Are you mounting /proc /sys and /dev like:

mount -t proc none /media/gentoo/proc

mount --rbind /sys /media/gentoo/sys

mount --rbind /dev /media/gentoo/dev

It's been a while, but I think you have to copy resolv.conf to the chroot too.

----------

## JmpEax

 *BillWho wrote:*   

> JmpEax,
> 
> Are you mounting /proc /sys and /dev like:
> 
> mount -t proc none /media/gentoo/proc
> ...

 

well i had already done that. btw im trying to get network to work post installation. like its all installed already.

also the re adding resolv.conf did not fix it. 

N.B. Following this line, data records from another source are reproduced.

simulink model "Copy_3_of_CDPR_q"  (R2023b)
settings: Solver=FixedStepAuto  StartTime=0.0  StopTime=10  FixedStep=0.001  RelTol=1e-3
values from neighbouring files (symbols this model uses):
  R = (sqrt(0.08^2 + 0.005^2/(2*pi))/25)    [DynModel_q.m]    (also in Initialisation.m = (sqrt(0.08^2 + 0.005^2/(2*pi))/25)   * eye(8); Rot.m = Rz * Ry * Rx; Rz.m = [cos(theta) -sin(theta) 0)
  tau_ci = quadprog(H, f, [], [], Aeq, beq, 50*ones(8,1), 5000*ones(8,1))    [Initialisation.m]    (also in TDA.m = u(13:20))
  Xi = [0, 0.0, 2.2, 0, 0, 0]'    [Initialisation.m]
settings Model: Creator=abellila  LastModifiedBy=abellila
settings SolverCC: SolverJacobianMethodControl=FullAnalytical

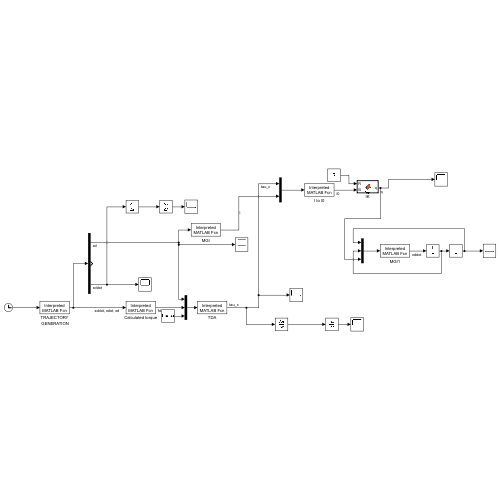
[thumbnail: Simulink's stored preview of the top-level diagram]
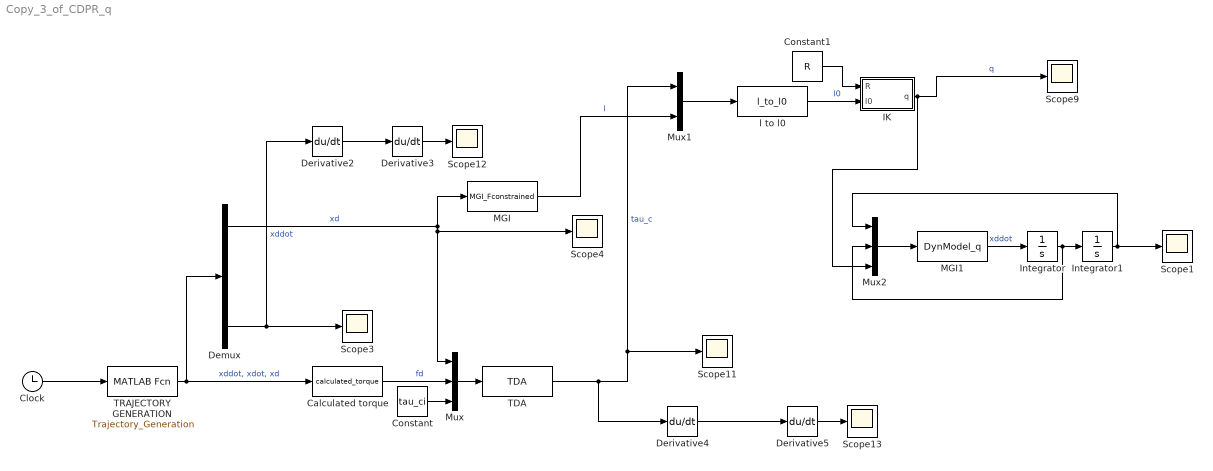
== system Copy_3_of_CDPR_q ==
  Calculated torque : MATLABFcn  MATLABFcn=calculated_torque  Output1D=off
  Clock : Clock
  Constant : Constant  Value=tau_ci
  Constant1 : Constant  Value=R
  Demux : Demux  Outputs=3
  Derivative{2..5} (4 alike) : Derivative
  IK : MATLAB Function  TreatAsAtomicUnit=on
  Integrator : Integrator
  Integrator1 : Integrator  InitialCondition=Xi
  MGI : MATLABFcn  MATLABFcn=MGI_Fconstrained
  MGI1 : MATLABFcn  MATLABFcn=DynModel_q  OutputDimensions=6  Output1D=off
  Mux : Mux  Inputs=3
  Mux1 : Mux  Inputs=2
  Mux2 : Mux  Inputs=3
  Scope{1,3..4,9,11..13} (7 alike) : Scope
  TDA : MATLABFcn  MATLABFcn=TDA  OutputDimensions=8  Output1D=off
  TRAJECTORY GENERATION : MATLABFcn  MATLABFcn=Trajectory_Generation  Output1D=off
  l to l0 : MATLABFcn  MATLABFcn=l_to_l0  OutputDimensions=8  OutputSignalType=real  Output1D=off
  wires:
  Derivative4/1 -> Derivative5/1
  Derivative5/1 -> Scope13/1
  Derivative2/1 -> Derivative3/1
  Clock/1 -> TRAJECTORY GENERATION/1
  Constant1/1 -> IK/1(R)
  Mux/1 -> TDA/1
  Demux/1 -> Mux/1, Scope4/1, MGI/1  "xd"
  IK/1(q) -> Mux2/3, Scope9/1  "q"
  TDA/1 -> Derivative4/1, Scope11/1, Mux1/1  "tau_c"
  TRAJECTORY GENERATION/1 -> Calculated torque/1, Demux/1  "xddot, xdot, xd"
  Demux/3 -> Derivative2/1, Scope3/1  "xddot"
  Constant/1 -> Mux/3
  Derivative3/1 -> Scope12/1
  MGI/1 -> Mux1/2  "l"
  Calculated torque/1 -> Mux/2  "fd"
  l to l0/1 -> IK/2(l0)  "l0"
  Mux1/1 -> l to l0/1
  Mux2/1 -> MGI1/1
  MGI1/1 -> Integrator/1  "xddot"
  Integrator/1 -> Mux2/2, Integrator1/1
  Integrator1/1 -> Mux2/1, Scope1/1

== matlab function Copy_3_of_CDPR_q/IK ==
  data: R input; q output; l0 input
function q = fcn(R, l0)

q = R\l0;

if it helps, net-setup also always clears my iwconfig

----------

## BillWho

 *JmpEax wrote:*   

> wgetpaste of /etc/conf.d/net
> 
> http://bpaste.net/show/81038/
> 
> wpa_supllicant
> ...

 

Both are showing /etc/conf.d/net

Try booting to the new installation and redirect or tee dmesg, ifconfig, iwconfig to files that you can later access them from the chroot to paste back.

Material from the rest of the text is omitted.